- _WHAT THIS TASK INVOLVES_:
Please take the records that follow and repeat exactly the lines starting with the line with "#157=CIRCLE('',#156,6.);" and going on through the line with "#177=EDGE_CURVE('E221',#176,#167,#174,.T.);".

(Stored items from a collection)
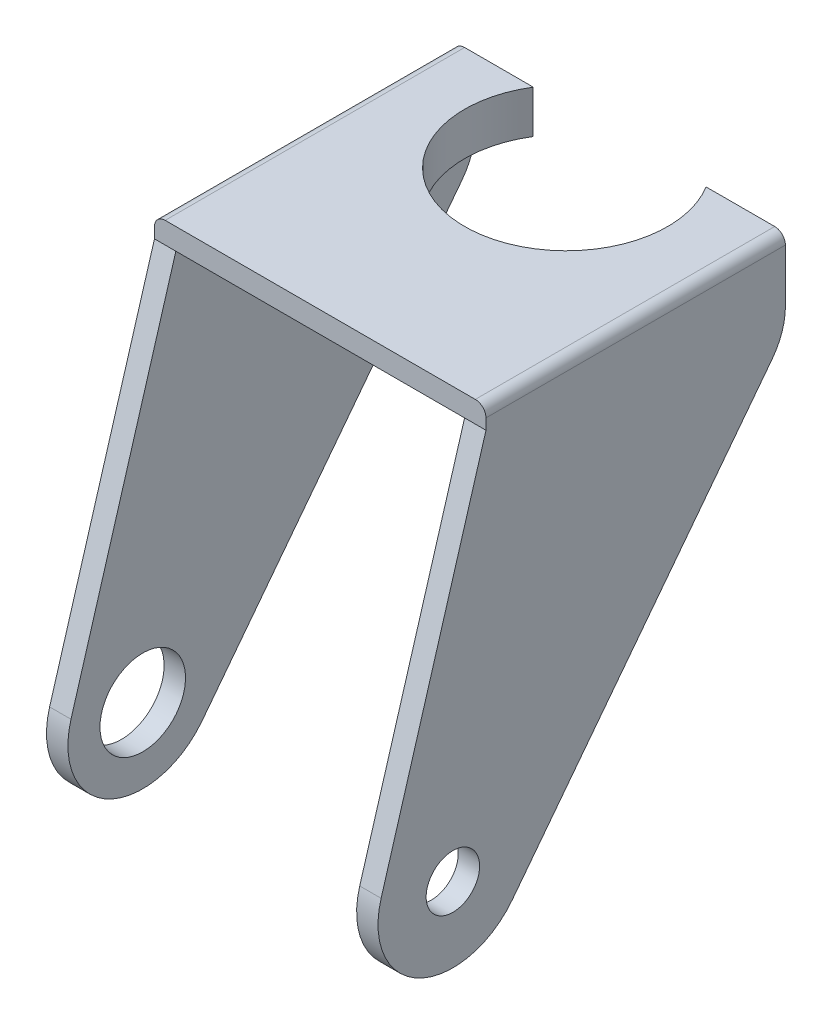
ISO-10303-21;
HEADER;
FILE_DESCRIPTION(('STEP AP214'),'2;1');
FILE_NAME('part.step','',(''),(''),'','','');
FILE_SCHEMA(('AUTOMOTIVE_DESIGN { 1 0 10303 214 1 1 1 1 }'));
ENDSEC;
DATA;
#1=APPLICATION_CONTEXT('core data for automotive mechanical design processes');
#2=APPLICATION_PROTOCOL_DEFINITION('international standard','automotive_design',2000,#1);
#3=PRODUCT_CONTEXT('',#1,'mechanical');
#4=PRODUCT('Part','Part','',(#3));
#5=PRODUCT_RELATED_PRODUCT_CATEGORY('part','',(#4));
#6=PRODUCT_DEFINITION_FORMATION('','',#4);
#7=PRODUCT_DEFINITION_CONTEXT('part definition',#1,'design');
#8=PRODUCT_DEFINITION('design','',#6,#7);
#9=PRODUCT_DEFINITION_SHAPE('','',#8);
#10=(LENGTH_UNIT() NAMED_UNIT(*) SI_UNIT(.MILLI.,.METRE.));
#11=(NAMED_UNIT(*) PLANE_ANGLE_UNIT() SI_UNIT($,.RADIAN.));
#12=(NAMED_UNIT(*) SI_UNIT($,.STERADIAN.) SOLID_ANGLE_UNIT());
#13=UNCERTAINTY_MEASURE_WITH_UNIT(LENGTH_MEASURE(1.E-05),#10,'distance_accuracy_value','');
#14=(GEOMETRIC_REPRESENTATION_CONTEXT(3) GLOBAL_UNCERTAINTY_ASSIGNED_CONTEXT((#13)) GLOBAL_UNIT_ASSIGNED_CONTEXT((#10,
#11,#12)) REPRESENTATION_CONTEXT('',''));
#15=CARTESIAN_POINT('',(0.,0.,0.));
#16=DIRECTION('',(0.,0.,1.));
#17=DIRECTION('',(1.,0.,0.));
#18=AXIS2_PLACEMENT_3D('',#15,#16,#17);
#19=CARTESIAN_POINT('',(-2.,36.9939994929025,-31.0965794572279));
#20=DIRECTION('',(0.,0.,-1.));
#21=DIRECTION('',(0.,1.,0.));
#22=AXIS2_PLACEMENT_3D('',#19,#20,#21);
#23=PLANE('',#22);
#24=DIRECTION('',(0.,1.,0.));
#25=VECTOR('',#24,1.);
#26=CARTESIAN_POINT('',(-31.,34.9939994929025,-31.0965794572279));
#27=LINE('',#26,#25);
#28=CARTESIAN_POINT('',(-31.,31.0323325454746,-31.0965794572279));
#29=VERTEX_POINT('',#28);
#30=CARTESIAN_POINT('',(-31.,35.9939994929025,-31.0965794572279));
#31=VERTEX_POINT('',#30);
#32=EDGE_CURVE('E211',#29,#31,#27,.T.);
#33=ORIENTED_EDGE('',*,*,#32,.T.);
#34=CARTESIAN_POINT('',(-30.,35.9939994929025,-31.0965794572279));
#35=DIRECTION('',(0.,0.,-1.));
#36=DIRECTION('',(0.,1.,0.));
#37=AXIS2_PLACEMENT_3D('',#34,#35,#36);
#38=CIRCLE('',#37,1.);
#39=CARTESIAN_POINT('',(-30.,36.9939994929025,-31.0965794572279));
#40=VERTEX_POINT('',#39);
#41=EDGE_CURVE('E282',#31,#40,#38,.T.);
#42=ORIENTED_EDGE('',*,*,#41,.T.);
#43=DIRECTION('',(1.,0.,0.));
#44=VECTOR('',#43,1.);
#45=CARTESIAN_POINT('',(-2.,36.9939994929025,-31.0965794572279));
#46=LINE('',#45,#44);
#47=CARTESIAN_POINT('',(-25.8561575886046,36.9939994929025,-31.0965794572279));
#48=VERTEX_POINT('',#47);
#49=EDGE_CURVE('E258',#40,#48,#46,.T.);
#50=ORIENTED_EDGE('',*,*,#49,.T.);
#51=DIRECTION('',(3.07167038101021E-13,1.,0.));
#52=VECTOR('',#51,1.);
#53=CARTESIAN_POINT('',(-25.8561575886046,36.9939994929098,-31.0965794572279));
#54=LINE('',#53,#52);
#55=CARTESIAN_POINT('',(-25.8561575886046,34.9939994929025,-31.0965794572279));
#56=VERTEX_POINT('',#55);
#57=EDGE_CURVE('E181',#56,#48,#54,.T.);
#58=ORIENTED_EDGE('',*,*,#57,.F.);
#59=DIRECTION('',(-1.,0.,0.));
#60=VECTOR('',#59,1.);
#61=CARTESIAN_POINT('',(-31.,34.9939994929025,-31.0965794572279));
#62=LINE('',#61,#60);
#63=CARTESIAN_POINT('',(-29.,34.9939994929025,-31.0965794572279));
#64=VERTEX_POINT('',#63);
#65=EDGE_CURVE('E202',#56,#64,#62,.T.);
#66=ORIENTED_EDGE('',*,*,#65,.T.);
#67=DIRECTION('',(0.,1.,0.));
#68=VECTOR('',#67,1.);
#69=CARTESIAN_POINT('',(-29.,36.9939994929025,-31.0965794572279));
#70=LINE('',#69,#68);
#71=CARTESIAN_POINT('',(-29.,31.0323325454746,-31.0965794572279));
#72=VERTEX_POINT('',#71);
#73=EDGE_CURVE('E328',#72,#64,#70,.T.);
#74=ORIENTED_EDGE('',*,*,#73,.F.);
#75=DIRECTION('',(-1.,0.,0.));
#76=VECTOR('',#75,1.);
#77=CARTESIAN_POINT('',(-29.,31.0323325454746,-31.0965794572279));
#78=LINE('',#77,#76);
#79=EDGE_CURVE('E347',#72,#29,#78,.T.);
#80=ORIENTED_EDGE('',*,*,#79,.T.);
#81=EDGE_LOOP('',(#33,#42,#50,#58,#66,#74,#80));
#82=FACE_BOUND('',#81,.T.);
#83=ADVANCED_FACE('F34',(#82),#23,.T.);
#84=CARTESIAN_POINT('',(0.,34.9939994929025,0.));
#85=DIRECTION('',(0.,1.,0.));
#86=DIRECTION('',(0.,0.,1.));
#87=AXIS2_PLACEMENT_3D('',#84,#85,#86);
#88=PLANE('',#87);
#89=ORIENTED_EDGE('',*,*,#65,.F.);
#90=CARTESIAN_POINT('',(-15.5,34.9939994929025,-26.0965794572279));
#91=DIRECTION('',(0.,1.,0.));
#92=DIRECTION('',(0.,0.,1.));
#93=AXIS2_PLACEMENT_3D('',#90,#91,#92);
#94=CIRCLE('',#93,11.5);
#95=CARTESIAN_POINT('',(-5.14384241139601,34.9939994929025,-31.0965794572279));
#96=VERTEX_POINT('',#95);
#97=EDGE_CURVE('E188',#56,#96,#94,.T.);
#98=ORIENTED_EDGE('',*,*,#97,.T.);
#99=CARTESIAN_POINT('',(-2.,34.9939994929025,-31.0965794572279));
#100=VERTEX_POINT('',#99);
#101=EDGE_CURVE('E199',#100,#96,#62,.T.);
#102=ORIENTED_EDGE('',*,*,#101,.F.);
#103=DIRECTION('',(0.,0.,1.));
#104=VECTOR('',#103,1.);
#105=CARTESIAN_POINT('',(-2.,34.9939994929025,0.));
#106=LINE('',#105,#104);
#107=CARTESIAN_POINT('',(-2.,34.9939994929025,-3.09657945722793));
#108=VERTEX_POINT('',#107);
#109=EDGE_CURVE('E217',#100,#108,#106,.T.);
#110=ORIENTED_EDGE('',*,*,#109,.T.);
#111=DIRECTION('',(1.,0.,0.));
#112=VECTOR('',#111,1.);
#113=CARTESIAN_POINT('',(-31.,34.9939994929025,-3.09657945722793));
#114=LINE('',#113,#112);
#115=CARTESIAN_POINT('',(-29.,34.9939994929025,-3.09657945722793));
#116=VERTEX_POINT('',#115);
#117=EDGE_CURVE('E296',#116,#108,#114,.T.);
#118=ORIENTED_EDGE('',*,*,#117,.F.);
#119=DIRECTION('',(0.,0.,1.));
#120=VECTOR('',#119,1.);
#121=CARTESIAN_POINT('',(-29.,34.9939994929025,0.));
#122=LINE('',#121,#120);
#123=EDGE_CURVE('E182',#64,#116,#122,.T.);
#124=ORIENTED_EDGE('',*,*,#123,.F.);
#125=EDGE_LOOP('',(#89,#98,#102,#110,#118,#124));
#126=FACE_BOUND('',#125,.T.);
#127=ADVANCED_FACE('F197',(#126),#88,.F.);
#128=CARTESIAN_POINT('',(-2.,0.,0.));
#129=DIRECTION('',(1.,0.,0.));
#130=DIRECTION('',(0.,0.,-1.));
#131=AXIS2_PLACEMENT_3D('',#128,#129,#130);
#132=PLANE('',#131);
#133=CARTESIAN_POINT('',(-2.,0.,0.));
#134=DIRECTION('',(1.,0.,0.));
#135=DIRECTION('',(0.,0.,-1.));
#136=AXIS2_PLACEMENT_3D('',#133,#134,#135);
#137=CIRCLE('',#136,2.5);
#138=CARTESIAN_POINT('',(-2.,0.,-2.5));
#139=VERTEX_POINT('',#138);
#140=EDGE_CURVE('E406',#139,#139,#137,.T.);
#141=ORIENTED_EDGE('',*,*,#140,.T.);
#142=EDGE_LOOP('',(#141));
#143=FACE_BOUND('',#142,.T.);
#144=ORIENTED_EDGE('',*,*,#109,.F.);
#145=DIRECTION('',(0.,1.,0.));
#146=VECTOR('',#145,1.);
#147=CARTESIAN_POINT('',(-2.,36.9939994929025,-31.0965794572279));
#148=LINE('',#147,#146);
#149=CARTESIAN_POINT('',(-2.,31.0323325454746,-31.0965794572279));
#150=VERTEX_POINT('',#149);
#151=EDGE_CURVE('E208',#150,#100,#148,.T.);
#152=ORIENTED_EDGE('',*,*,#151,.F.);
#153=CARTESIAN_POINT('',(-2.,31.0323325454745,-25.0965794572279));
#154=DIRECTION('',(1.,0.,0.));
#155=DIRECTION('',(0.,0.,1.));
#156=AXIS2_PLACEMENT_3D('',#153,#154,#155);
#157=CIRCLE('',#156,6.);
#158=CARTESIAN_POINT('',(-2.,27.3774774891413,-29.8549441466139));
#159=VERTEX_POINT('',#158);
#160=EDGE_CURVE('E228',#159,#150,#157,.T.);
#161=ORIENTED_EDGE('',*,*,#160,.F.);
#162=DIRECTION('',(0.,0.793060781564328,-0.609142509388876));
#163=VECTOR('',#162,1.);
#164=CARTESIAN_POINT('',(-2.,27.3774774891413,-29.8549441466139));
#165=LINE('',#164,#163);
#166=CARTESIAN_POINT('',(-2.,-4.26399756572213,-5.5514254709503));
#167=VERTEX_POINT('',#166);
#168=EDGE_CURVE('E224',#167,#159,#165,.T.);
#169=ORIENTED_EDGE('',*,*,#168,.F.);
#170=CARTESIAN_POINT('',(-2.,0.,0.));
#171=DIRECTION('',(1.,0.,0.));
#172=DIRECTION('',(0.,0.,-1.));
#173=AXIS2_PLACEMENT_3D('',#170,#171,#172);
#174=CIRCLE('',#173,7.);
#175=CARTESIAN_POINT('',(-2.,1.99399949290248,6.70999001655775));
#176=VERTEX_POINT('',#175);
#177=EDGE_CURVE('E221',#176,#167,#174,.T.);
#178=ORIENTED_EDGE('',*,*,#177,.F.);
#179=DIRECTION('',(0.,-0.958570002365392,0.28485707041464));
#180=VECTOR('',#179,1.);
#181=CARTESIAN_POINT('',(-2.,1.99399949290248,6.70999001655775));
#182=LINE('',#181,#180);
#183=EDGE_CURVE('E232',#108,#176,#182,.T.);
#184=ORIENTED_EDGE('',*,*,#183,.F.);
#185=EDGE_LOOP('',(#144,#152,#161,#169,#178,#184));
#186=FACE_BOUND('',#185,.T.);
#187=ADVANCED_FACE('F313',(#143,#186),#132,.F.);
#188=CARTESIAN_POINT('',(-2.,0.,0.));
#189=DIRECTION('',(1.,0.,0.));
#190=DIRECTION('',(0.,0.,-1.));
#191=AXIS2_PLACEMENT_3D('',#188,#189,#190);
#192=CYLINDRICAL_SURFACE('',#191,7.);
#193=CARTESIAN_POINT('',(0.,0.,0.));
#194=DIRECTION('',(1.,0.,0.));
#195=DIRECTION('',(0.,0.,-1.));
#196=AXIS2_PLACEMENT_3D('',#193,#194,#195);
#197=CIRCLE('',#196,7.);
#198=CARTESIAN_POINT('',(0.,1.99399949290248,6.70999001655775));
#199=VERTEX_POINT('',#198);
#200=CARTESIAN_POINT('',(0.,-4.26399756572213,-5.5514254709503));
#201=VERTEX_POINT('',#200);
#202=EDGE_CURVE('E220',#199,#201,#197,.T.);
#203=ORIENTED_EDGE('',*,*,#202,.F.);
#204=DIRECTION('',(1.,0.,0.));
#205=VECTOR('',#204,1.);
#206=CARTESIAN_POINT('',(-2.,1.99399949290248,6.70999001655775));
#207=LINE('',#206,#205);
#208=EDGE_CURVE('E250',#176,#199,#207,.T.);
#209=ORIENTED_EDGE('',*,*,#208,.F.);
#210=ORIENTED_EDGE('',*,*,#177,.T.);
#211=DIRECTION('',(1.,0.,0.));
#212=VECTOR('',#211,1.);
#213=CARTESIAN_POINT('',(-2.,-4.26399756572213,-5.5514254709503));
#214=LINE('',#213,#212);
#215=EDGE_CURVE('E235',#167,#201,#214,.T.);
#216=ORIENTED_EDGE('',*,*,#215,.T.);
#217=EDGE_LOOP('',(#203,#209,#210,#216));
#218=FACE_BOUND('',#217,.T.);
#219=ADVANCED_FACE('F303',(#218),#192,.T.);
#220=CARTESIAN_POINT('',(-2.,1.99399949290248,6.70999001655775));
#221=DIRECTION('',(0.,0.28485707041464,0.958570002365393));
#222=DIRECTION('',(0.,-0.958570002365393,0.28485707041464));
#223=AXIS2_PLACEMENT_3D('',#220,#221,#222);
#224=PLANE('',#223);
#225=DIRECTION('',(0.,-0.958570002365392,0.28485707041464));
#226=VECTOR('',#225,1.);
#227=CARTESIAN_POINT('',(0.,1.99399949290248,6.70999001655775));
#228=LINE('',#227,#226);
#229=CARTESIAN_POINT('',(0.,34.9939994929025,-3.09657945722793));
#230=VERTEX_POINT('',#229);
#231=EDGE_CURVE('E225',#230,#199,#228,.T.);
#232=ORIENTED_EDGE('',*,*,#231,.F.);
#233=DIRECTION('',(1.,0.,0.));
#234=VECTOR('',#233,1.);
#235=CARTESIAN_POINT('',(-2.,34.9939994929025,-3.09657945722793));
#236=LINE('',#235,#234);
#237=EDGE_CURVE('E252',#108,#230,#236,.T.);
#238=ORIENTED_EDGE('',*,*,#237,.F.);
#239=ORIENTED_EDGE('',*,*,#183,.T.);
#240=ORIENTED_EDGE('',*,*,#208,.T.);
#241=EDGE_LOOP('',(#232,#238,#239,#240));
#242=FACE_BOUND('',#241,.T.);
#243=ADVANCED_FACE('F299',(#242),#224,.T.);
#244=CARTESIAN_POINT('',(-2.,34.9939994929025,-3.09657945722793));
#245=DIRECTION('',(0.,0.,1.));
#246=DIRECTION('',(1.,0.,0.));
#247=AXIS2_PLACEMENT_3D('',#244,#245,#246);
#248=PLANE('',#247);
#249=DIRECTION('',(1.,0.,0.));
#250=VECTOR('',#249,1.);
#251=CARTESIAN_POINT('',(-2.,36.9939994929025,-3.09657945722793));
#252=LINE('',#251,#250);
#253=CARTESIAN_POINT('',(-30.,36.9939994929025,-3.09657945722793));
#254=VERTEX_POINT('',#253);
#255=CARTESIAN_POINT('',(-1.,36.9939994929025,-3.09657945722793));
#256=VERTEX_POINT('',#255);
#257=EDGE_CURVE('E255',#254,#256,#252,.T.);
#258=ORIENTED_EDGE('',*,*,#257,.F.);
#259=CARTESIAN_POINT('',(-30.,35.9939994929025,-3.09657945722793));
#260=DIRECTION('',(0.,0.,1.));
#261=DIRECTION('',(1.,0.,0.));
#262=AXIS2_PLACEMENT_3D('',#259,#260,#261);
#263=CIRCLE('',#262,1.);
#264=CARTESIAN_POINT('',(-31.,35.9939994929025,-3.09657945722793));
#265=VERTEX_POINT('',#264);
#266=EDGE_CURVE('E279',#254,#265,#263,.T.);
#267=ORIENTED_EDGE('',*,*,#266,.T.);
#268=DIRECTION('',(0.,1.,0.));
#269=VECTOR('',#268,1.);
#270=CARTESIAN_POINT('',(-31.,34.9939994929025,-3.09657945722793));
#271=LINE('',#270,#269);
#272=CARTESIAN_POINT('',(-31.,34.9939994929025,-3.09657945722793));
#273=VERTEX_POINT('',#272);
#274=EDGE_CURVE('E209',#273,#265,#271,.T.);
#275=ORIENTED_EDGE('',*,*,#274,.F.);
#276=EDGE_CURVE('E213',#273,#116,#114,.T.);
#277=ORIENTED_EDGE('',*,*,#276,.T.);
#278=ORIENTED_EDGE('',*,*,#117,.T.);
#279=ORIENTED_EDGE('',*,*,#237,.T.);
#280=DIRECTION('',(0.,-1.,0.));
#281=VECTOR('',#280,1.);
#282=CARTESIAN_POINT('',(0.,34.9939994929025,-3.09657945722793));
#283=LINE('',#282,#281);
#284=CARTESIAN_POINT('',(0.,35.9939994929025,-3.09657945722793));
#285=VERTEX_POINT('',#284);
#286=EDGE_CURVE('E246',#285,#230,#283,.T.);
#287=ORIENTED_EDGE('',*,*,#286,.F.);
#288=CARTESIAN_POINT('',(-1.,35.9939994929025,-3.09657945722793));
#289=DIRECTION('',(0.,0.,1.));
#290=DIRECTION('',(1.,0.,0.));
#291=AXIS2_PLACEMENT_3D('',#288,#289,#290);
#292=CIRCLE('',#291,1.);
#293=EDGE_CURVE('E277',#285,#256,#292,.T.);
#294=ORIENTED_EDGE('',*,*,#293,.T.);
#295=EDGE_LOOP('',(#258,#267,#275,#277,#278,#279,#287,#294));
#296=FACE_BOUND('',#295,.T.);
#297=ADVANCED_FACE('F291',(#296),#248,.T.);
#298=CARTESIAN_POINT('',(-2.,36.9939994929025,-3.09657945722793));
#299=DIRECTION('',(0.,1.,0.));
#300=DIRECTION('',(0.,0.,1.));
#301=AXIS2_PLACEMENT_3D('',#298,#299,#300);
#302=PLANE('',#301);
#303=ORIENTED_EDGE('',*,*,#49,.F.);
#304=DIRECTION('',(0.,0.,1.));
#305=VECTOR('',#304,1.);
#306=CARTESIAN_POINT('',(-30.,36.9939994929025,-3.09657945722793));
#307=LINE('',#306,#305);
#308=EDGE_CURVE('E274',#40,#254,#307,.T.);
#309=ORIENTED_EDGE('',*,*,#308,.T.);
#310=ORIENTED_EDGE('',*,*,#257,.T.);
#311=DIRECTION('',(0.,0.,1.));
#312=VECTOR('',#311,1.);
#313=CARTESIAN_POINT('',(-1.,36.9939994929025,-3.09657945722793));
#314=LINE('',#313,#312);
#315=CARTESIAN_POINT('',(-1.,36.9939994929025,-31.0965794572279));
#316=VERTEX_POINT('',#315);
#317=EDGE_CURVE('E272',#256,#316,#314,.F.);
#318=ORIENTED_EDGE('',*,*,#317,.T.);
#319=CARTESIAN_POINT('',(-5.14384241139601,36.9939994929025,-31.0965794572279));
#320=VERTEX_POINT('',#319);
#321=EDGE_CURVE('E260',#320,#316,#46,.T.);
#322=ORIENTED_EDGE('',*,*,#321,.F.);
#323=DIRECTION('',(0.99999820524696,0.,-0.00189459833726096));
#324=VECTOR('',#323,1.);
#325=CARTESIAN_POINT('',(-2.05305994306522,36.9939994929025,-31.102435259063));
#326=LINE('',#325,#324);
#327=CARTESIAN_POINT('',(-7.41958555029964,36.9939994929025,-31.0922678303226));
#328=VERTEX_POINT('',#327);
#329=EDGE_CURVE('E178',#328,#320,#326,.T.);
#330=ORIENTED_EDGE('',*,*,#329,.F.);
#331=CARTESIAN_POINT('',(-15.5,36.9939994929025,-26.0965794572279));
#332=DIRECTION('',(0.,1.,0.));
#333=DIRECTION('',(0.,0.,1.));
#334=AXIS2_PLACEMENT_3D('',#331,#332,#333);
#335=CIRCLE('',#334,9.5);
#336=CARTESIAN_POINT('',(-23.5804144497004,36.9939994929025,-31.0922678303226));
#337=VERTEX_POINT('',#336);
#338=EDGE_CURVE('E269',#337,#328,#335,.T.);
#339=ORIENTED_EDGE('',*,*,#338,.F.);
#340=DIRECTION('',(0.99999820524696,0.,0.00189459833725892));
#341=VECTOR('',#340,1.);
#342=CARTESIAN_POINT('',(-1.94703697351204,36.9939994929025,-31.0512811957661));
#343=LINE('',#342,#341);
#344=EDGE_CURVE('E397',#48,#337,#343,.T.);
#345=ORIENTED_EDGE('',*,*,#344,.F.);
#346=EDGE_LOOP('',(#303,#309,#310,#318,#322,#330,#339,#345));
#347=FACE_BOUND('',#346,.T.);
#348=ADVANCED_FACE('F368',(#347),#302,.T.);
#349=ORIENTED_EDGE('',*,*,#321,.T.);
#350=CARTESIAN_POINT('',(-1.,35.9939994929025,-31.0965794572279));
#351=DIRECTION('',(0.,0.,-1.));
#352=DIRECTION('',(0.,1.,0.));
#353=AXIS2_PLACEMENT_3D('',#350,#351,#352);
#354=CIRCLE('',#353,1.);
#355=CARTESIAN_POINT('',(0.,35.9939994929025,-31.0965794572279));
#356=VERTEX_POINT('',#355);
#357=EDGE_CURVE('E11',#316,#356,#354,.T.);
#358=ORIENTED_EDGE('',*,*,#357,.T.);
#359=DIRECTION('',(0.,1.,0.));
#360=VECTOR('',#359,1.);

- _RESULT OF THE EXERCISE_:
#157=CIRCLE('',#156,6.);
#158=CARTESIAN_POINT('',(-2.,27.3774774891413,-29.8549441466139));
#159=VERTEX_POINT('',#158);
#160=EDGE_CURVE('E228',#159,#150,#157,.T.);
#161=ORIENTED_EDGE('',*,*,#160,.F.);
#162=DIRECTION('',(0.,0.793060781564328,-0.609142509388876));
#163=VECTOR('',#162,1.);
#164=CARTESIAN_POINT('',(-2.,27.3774774891413,-29.8549441466139));
#165=LINE('',#164,#163);
#166=CARTESIAN_POINT('',(-2.,-4.26399756572213,-5.5514254709503));
#167=VERTEX_POINT('',#166);
#168=EDGE_CURVE('E224',#167,#159,#165,.T.);
#169=ORIENTED_EDGE('',*,*,#168,.F.);
#170=CARTESIAN_POINT('',(-2.,0.,0.));
#171=DIRECTION('',(1.,0.,0.));
#172=DIRECTION('',(0.,0.,-1.));
#173=AXIS2_PLACEMENT_3D('',#170,#171,#172);
#174=CIRCLE('',#173,7.);
#175=CARTESIAN_POINT('',(-2.,1.99399949290248,6.70999001655775));
#176=VERTEX_POINT('',#175);
#177=EDGE_CURVE('E221',#176,#167,#174,.T.);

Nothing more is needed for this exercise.